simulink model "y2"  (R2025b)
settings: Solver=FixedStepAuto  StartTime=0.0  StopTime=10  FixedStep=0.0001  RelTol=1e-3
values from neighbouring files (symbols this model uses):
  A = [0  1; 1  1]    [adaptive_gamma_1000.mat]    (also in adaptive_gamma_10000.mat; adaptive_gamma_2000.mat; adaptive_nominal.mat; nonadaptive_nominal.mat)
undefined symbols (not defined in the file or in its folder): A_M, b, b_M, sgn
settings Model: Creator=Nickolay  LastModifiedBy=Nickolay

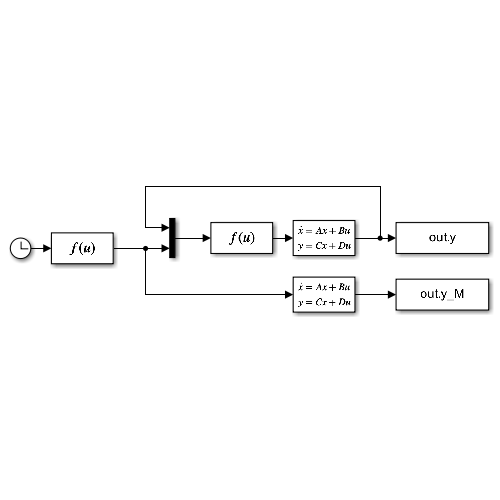
[thumbnail: Simulink's stored preview of the top-level diagram]
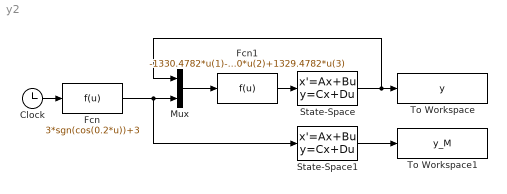
== system y2 ==
  Clock : Clock
  Fcn : Fcn  Expr=3*sgn(cos(0.2*u))+3
  Fcn1 : Fcn  Expr=-1330.4782*u(1)-73.9240*u(2)+1329.4782*u(3)
  Mux : Mux  Inputs=2
  State-Space : StateSpace  A=A  B=b  C=eye(2)  D=zeros(2,1)  InitialCondition=[0; 0]
  State-Space1 : StateSpace  A=A_M  B=b_M  C=eye(2)  D=zeros(2,1)  InitialCondition=[0; 0]
  To Workspace : ToWorkspace  VariableName=y  SaveFormat=Timeseries  SampleTime=-1
  To Workspace1 : ToWorkspace  VariableName=y_M  SaveFormat=Timeseries  SampleTime=-1
  wires:
  State-Space/1 -> Mux/1, To Workspace/1
  Fcn/1 -> Mux/2, State-Space1/1
  State-Space1/1 -> To Workspace1/1
  Clock/1 -> Fcn/1
  Fcn1/1 -> State-Space/1
  Mux/1 -> Fcn1/1

▶ _Prompt_
In your copy, leave out the pictures and reproduce the material above exactly.

▶ _Worked solution_
simulink model "y2"  (R2025b)
settings: Solver=FixedStepAuto  StartTime=0.0  StopTime=10  FixedStep=0.0001  RelTol=1e-3
values from neighbouring files (symbols this model uses):
  A = [0  1; 1  1]    [adaptive_gamma_1000.mat]    (also in adaptive_gamma_10000.mat; adaptive_gamma_2000.mat; adaptive_nominal.mat; nonadaptive_nominal.mat)
undefined symbols (not defined in the file or in its folder): A_M, b, b_M, sgn
settings Model: Creator=Nickolay  LastModifiedBy=Nickolay

[thumbnail: Simulink's stored preview of the top-level diagram]
== system y2 ==
  Clock : Clock
  Fcn : Fcn  Expr=3*sgn(cos(0.2*u))+3
  Fcn1 : Fcn  Expr=-1330.4782*u(1)-73.9240*u(2)+1329.4782*u(3)
  Mux : Mux  Inputs=2
  State-Space : StateSpace  A=A  B=b  C=eye(2)  D=zeros(2,1)  InitialCondition=[0; 0]
  State-Space1 : StateSpace  A=A_M  B=b_M  C=eye(2)  D=zeros(2,1)  InitialCondition=[0; 0]
  To Workspace : ToWorkspace  VariableName=y  SaveFormat=Timeseries  SampleTime=-1
  To Workspace1 : ToWorkspace  VariableName=y_M  SaveFormat=Timeseries  SampleTime=-1
  wires:
  State-Space/1 -> Mux/1, To Workspace/1
  Fcn/1 -> Mux/2, State-Space1/1
  State-Space1/1 -> To Workspace1/1
  Clock/1 -> Fcn/1
  Fcn1/1 -> State-Space/1
  Mux/1 -> Fcn1/1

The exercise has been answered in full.